7. Maintain poolers:
   • Keep the read/write Pooler resources but rename them to match the new cluster name if necessary (e.g., database-pooler-rw).
   • Ensure they still use transaction mode and appropriate max_client_conn/default_pool_size values.
   • Remove any separate pooler manifests that reference the old cluster.
8. Tune PostgreSQL parameters:
   • Keep the pgtune parameters (max_connections, shared_buffers, etc.) from the current manifest.
9. Update kustomizations:
   • Add the ObjectStore and ScheduledBackup manifests to the workload kustomization.
   • Remove references to deleted files from all kustomization lists.

Conclusion: A Cleaner, Safer, and More Reliable IaC

Alright, guys, that's a wrap! We've covered a lot of ground today, from removing obsolete files to configuring backups and addressing security vulnerabilities. By tackling these issues, we're making our IaC cleaner, safer, and more reliable. It's like giving our digital infrastructure a thorough spring cleaning – the result is a more efficient and secure system.

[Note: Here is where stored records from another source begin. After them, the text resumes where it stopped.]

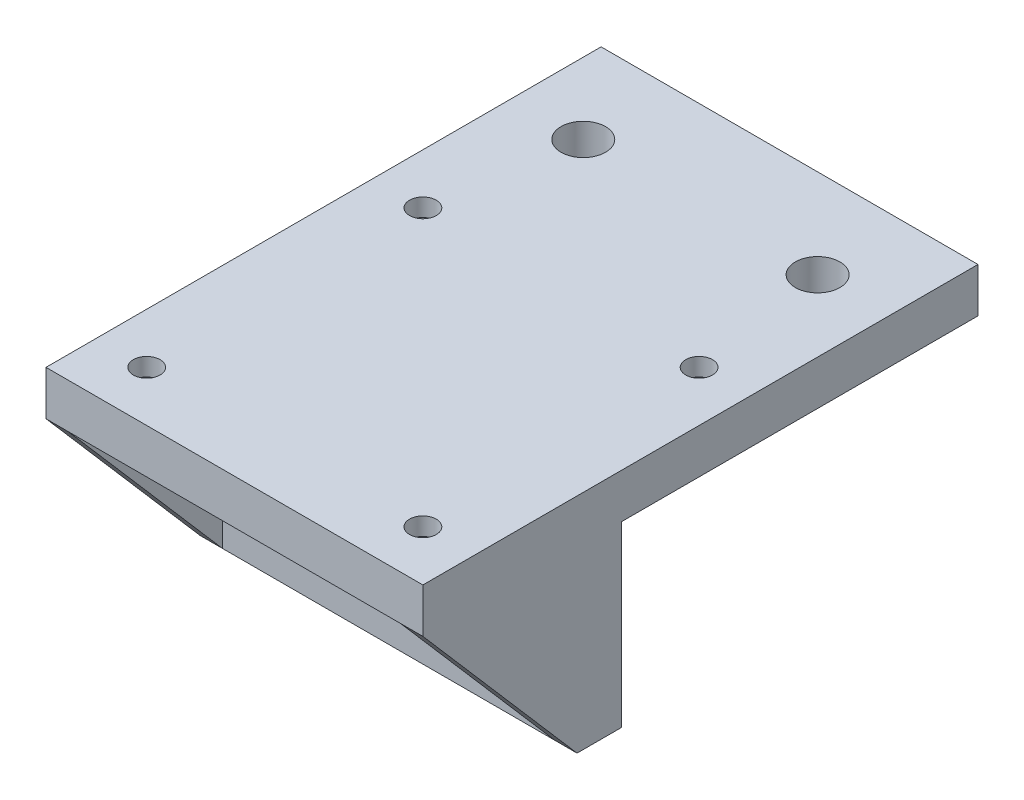
ISO-10303-21;
HEADER;
FILE_DESCRIPTION(('STEP AP214'),'2;1');
FILE_NAME('part.step','',(''),(''),'','','');
FILE_SCHEMA(('AUTOMOTIVE_DESIGN { 1 0 10303 214 1 1 1 1 }'));
ENDSEC;
DATA;
#1=APPLICATION_CONTEXT('core data for automotive mechanical design processes');
#2=APPLICATION_PROTOCOL_DEFINITION('international standard','automotive_design',2000,#1);
#3=PRODUCT_CONTEXT('',#1,'mechanical');
#4=PRODUCT('Part','Part','',(#3));
#5=PRODUCT_RELATED_PRODUCT_CATEGORY('part','',(#4));
#6=PRODUCT_DEFINITION_FORMATION('','',#4);
#7=PRODUCT_DEFINITION_CONTEXT('part definition',#1,'design');
#8=PRODUCT_DEFINITION('design','',#6,#7);
#9=PRODUCT_DEFINITION_SHAPE('','',#8);
#10=(LENGTH_UNIT() NAMED_UNIT(*) SI_UNIT(.MILLI.,.METRE.));
#11=(NAMED_UNIT(*) PLANE_ANGLE_UNIT() SI_UNIT($,.RADIAN.));
#12=(NAMED_UNIT(*) SI_UNIT($,.STERADIAN.) SOLID_ANGLE_UNIT());
#13=UNCERTAINTY_MEASURE_WITH_UNIT(LENGTH_MEASURE(1.E-05),#10,'distance_accuracy_value','');
#14=(GEOMETRIC_REPRESENTATION_CONTEXT(3) GLOBAL_UNCERTAINTY_ASSIGNED_CONTEXT((#13)) GLOBAL_UNIT_ASSIGNED_CONTEXT((#10,
#11,#12)) REPRESENTATION_CONTEXT('',''));
#15=CARTESIAN_POINT('',(0.,0.,0.));
#16=DIRECTION('',(0.,0.,1.));
#17=DIRECTION('',(1.,0.,0.));
#18=AXIS2_PLACEMENT_3D('',#15,#16,#17);
#19=CARTESIAN_POINT('',(0.,0.,0.));
#20=DIRECTION('',(0.,-1.,0.));
#21=DIRECTION('',(0.,0.,-1.));
#22=AXIS2_PLACEMENT_3D('',#19,#20,#21);
#23=PLANE('',#22);
#24=CARTESIAN_POINT('',(15.5,0.,15.5));
#25=DIRECTION('',(0.,-1.,0.));
#26=DIRECTION('',(0.,0.,-1.));
#27=AXIS2_PLACEMENT_3D('',#24,#25,#26);
#28=CIRCLE('',#27,2.75);
#29=CARTESIAN_POINT('',(15.5,0.,12.75));
#30=VERTEX_POINT('',#29);
#31=EDGE_CURVE('E220',#30,#30,#28,.T.);
#32=ORIENTED_EDGE('',*,*,#31,.F.);
#33=EDGE_LOOP('',(#32));
#34=FACE_BOUND('',#33,.T.);
#35=CARTESIAN_POINT('',(-15.5,0.,15.5));
#36=DIRECTION('',(0.,-1.,0.));
#37=DIRECTION('',(0.,0.,-1.));
#38=AXIS2_PLACEMENT_3D('',#35,#36,#37);
#39=CIRCLE('',#38,2.75);
#40=CARTESIAN_POINT('',(-15.5,0.,12.75));
#41=VERTEX_POINT('',#40);
#42=EDGE_CURVE('E177',#41,#41,#39,.T.);
#43=ORIENTED_EDGE('',*,*,#42,.F.);
#44=EDGE_LOOP('',(#43));
#45=FACE_BOUND('',#44,.T.);
#46=DIRECTION('',(-1.,0.,0.));
#47=VECTOR('',#46,1.);
#48=CARTESIAN_POINT('',(0.,0.,3.85));
#49=LINE('',#48,#47);
#50=CARTESIAN_POINT('',(18.65,0.,3.85000000000001));
#51=VERTEX_POINT('',#50);
#52=CARTESIAN_POINT('',(-18.65,0.,3.85));
#53=VERTEX_POINT('',#52);
#54=EDGE_CURVE('E136',#51,#53,#49,.T.);
#55=ORIENTED_EDGE('',*,*,#54,.F.);
#56=DIRECTION('',(0.,0.,1.));
#57=VECTOR('',#56,1.);
#58=CARTESIAN_POINT('',(18.65,0.,0.));
#59=LINE('',#58,#57);
#60=CARTESIAN_POINT('',(18.65,0.,21.15));
#61=VERTEX_POINT('',#60);
#62=EDGE_CURVE('E121',#51,#61,#59,.T.);
#63=ORIENTED_EDGE('',*,*,#62,.T.);
#64=DIRECTION('',(1.,0.,0.));
#65=VECTOR('',#64,1.);
#66=CARTESIAN_POINT('',(-21.15,0.,21.15));
#67=LINE('',#66,#65);
#68=CARTESIAN_POINT('',(-18.65,0.,21.15));
#69=VERTEX_POINT('',#68);
#70=EDGE_CURVE('E134',#69,#61,#67,.T.);
#71=ORIENTED_EDGE('',*,*,#70,.F.);
#72=DIRECTION('',(0.,0.,-1.));
#73=VECTOR('',#72,1.);
#74=CARTESIAN_POINT('',(-18.65,0.,0.));
#75=LINE('',#74,#73);
#76=EDGE_CURVE('E285',#69,#53,#75,.T.);
#77=ORIENTED_EDGE('',*,*,#76,.T.);
#78=EDGE_LOOP('',(#55,#63,#71,#77));
#79=FACE_BOUND('',#78,.T.);
#80=ADVANCED_FACE('F34',(#34,#45,#79),#23,.T.);
#81=CARTESIAN_POINT('',(0.,-20.,3.85));
#82=DIRECTION('',(0.,0.,-1.));
#83=DIRECTION('',(-1.,0.,0.));
#84=AXIS2_PLACEMENT_3D('',#81,#82,#83);
#85=PLANE('',#84);
#86=CARTESIAN_POINT('',(13.15,-10.,3.85));
#87=DIRECTION('',(0.,0.,-1.));
#88=DIRECTION('',(-1.,0.,0.));
#89=AXIS2_PLACEMENT_3D('',#86,#87,#88);
#90=CIRCLE('',#89,2.5);
#91=CARTESIAN_POINT('',(15.65,-10.,3.85));
#92=VERTEX_POINT('',#91);
#93=EDGE_CURVE('E189',#92,#92,#90,.T.);
#94=ORIENTED_EDGE('',*,*,#93,.T.);
#95=EDGE_LOOP('',(#94));
#96=FACE_BOUND('',#95,.T.);
#97=CARTESIAN_POINT('',(-13.15,-10.,3.85));
#98=DIRECTION('',(0.,0.,-1.));
#99=DIRECTION('',(-1.,0.,0.));
#100=AXIS2_PLACEMENT_3D('',#97,#98,#99);
#101=CIRCLE('',#100,2.5);
#102=CARTESIAN_POINT('',(-10.65,-10.,3.85));
#103=VERTEX_POINT('',#102);
#104=EDGE_CURVE('E180',#103,#103,#101,.T.);
#105=ORIENTED_EDGE('',*,*,#104,.T.);
#106=EDGE_LOOP('',(#105));
#107=FACE_BOUND('',#106,.T.);
#108=DIRECTION('',(0.,-1.,0.));
#109=VECTOR('',#108,1.);
#110=CARTESIAN_POINT('',(18.65,-20.,3.85000000000001));
#111=LINE('',#110,#109);
#112=CARTESIAN_POINT('',(18.65,-20.,3.85000000000001));
#113=VERTEX_POINT('',#112);
#114=EDGE_CURVE('E127',#51,#113,#111,.T.);
#115=ORIENTED_EDGE('',*,*,#114,.F.);
#116=ORIENTED_EDGE('',*,*,#54,.T.);
#117=DIRECTION('',(0.,1.,0.));
#118=VECTOR('',#117,1.);
#119=CARTESIAN_POINT('',(-18.65,-20.,3.85));
#120=LINE('',#119,#118);
#121=CARTESIAN_POINT('',(-18.65,-20.,3.85));
#122=VERTEX_POINT('',#121);
#123=EDGE_CURVE('E274',#122,#53,#120,.T.);
#124=ORIENTED_EDGE('',*,*,#123,.F.);
#125=DIRECTION('',(-1.,0.,0.));
#126=VECTOR('',#125,1.);
#127=CARTESIAN_POINT('',(0.,-20.,3.85));
#128=LINE('',#127,#126);
#129=EDGE_CURVE('E201',#113,#122,#128,.T.);
#130=ORIENTED_EDGE('',*,*,#129,.F.);
#131=EDGE_LOOP('',(#115,#116,#124,#130));
#132=FACE_BOUND('',#131,.T.);
#133=ADVANCED_FACE('F302',(#96,#107,#132),#85,.F.);
#134=DIRECTION('',(0.,0.,-1.));
#135=VECTOR('',#134,1.);
#136=CARTESIAN_POINT('',(21.15,0.,-21.15));
#137=LINE('',#136,#135);
#138=CARTESIAN_POINT('',(21.15,0.,-1.15));
#139=VERTEX_POINT('',#138);
#140=CARTESIAN_POINT('',(21.15,0.,-41.15));
#141=VERTEX_POINT('',#140);
#142=EDGE_CURVE('E141',#139,#141,#137,.T.);
#143=ORIENTED_EDGE('',*,*,#142,.F.);
#144=DIRECTION('',(1.,0.,0.));
#145=VECTOR('',#144,1.);
#146=CARTESIAN_POINT('',(0.,0.,-1.15));
#147=LINE('',#146,#145);
#148=CARTESIAN_POINT('',(-21.15,0.,-1.15));
#149=VERTEX_POINT('',#148);
#150=EDGE_CURVE('E59',#149,#139,#147,.T.);
#151=ORIENTED_EDGE('',*,*,#150,.F.);
#152=DIRECTION('',(0.,0.,1.));
#153=VECTOR('',#152,1.);
#154=CARTESIAN_POINT('',(-21.15,0.,-21.15));
#155=LINE('',#154,#153);
#156=CARTESIAN_POINT('',(-21.15,0.,-41.15));
#157=VERTEX_POINT('',#156);
#158=EDGE_CURVE('E152',#157,#149,#155,.T.);
#159=ORIENTED_EDGE('',*,*,#158,.F.);
#160=DIRECTION('',(-1.,0.,0.));
#161=VECTOR('',#160,1.);
#162=CARTESIAN_POINT('',(-21.15,0.,-41.15));
#163=LINE('',#162,#161);
#164=EDGE_CURVE('E150',#141,#157,#163,.T.);
#165=ORIENTED_EDGE('',*,*,#164,.F.);
#166=EDGE_LOOP('',(#143,#151,#159,#165));
#167=FACE_BOUND('',#166,.T.);
#168=CARTESIAN_POINT('',(13.15,0.,-31.15));
#169=DIRECTION('',(0.,-1.,0.));
#170=DIRECTION('',(0.,0.,-1.));
#171=AXIS2_PLACEMENT_3D('',#168,#169,#170);
#172=CIRCLE('',#171,2.5);
#173=CARTESIAN_POINT('',(13.15,0.,-33.65));
#174=VERTEX_POINT('',#173);
#175=EDGE_CURVE('E290',#174,#174,#172,.T.);
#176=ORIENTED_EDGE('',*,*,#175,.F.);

Remember, maintaining a healthy IaC repository is an ongoing process. It's not a one-time fix, but a continuous effort to keep things organized, secure, and up-to-date. Keep those manifests tidy, rotate those secrets, and always prioritize backups. Your future self (and your team) will thank you for it! It's like taking care of your car – regular maintenance keeps it running smoothly and prevents costly breakdowns down the road.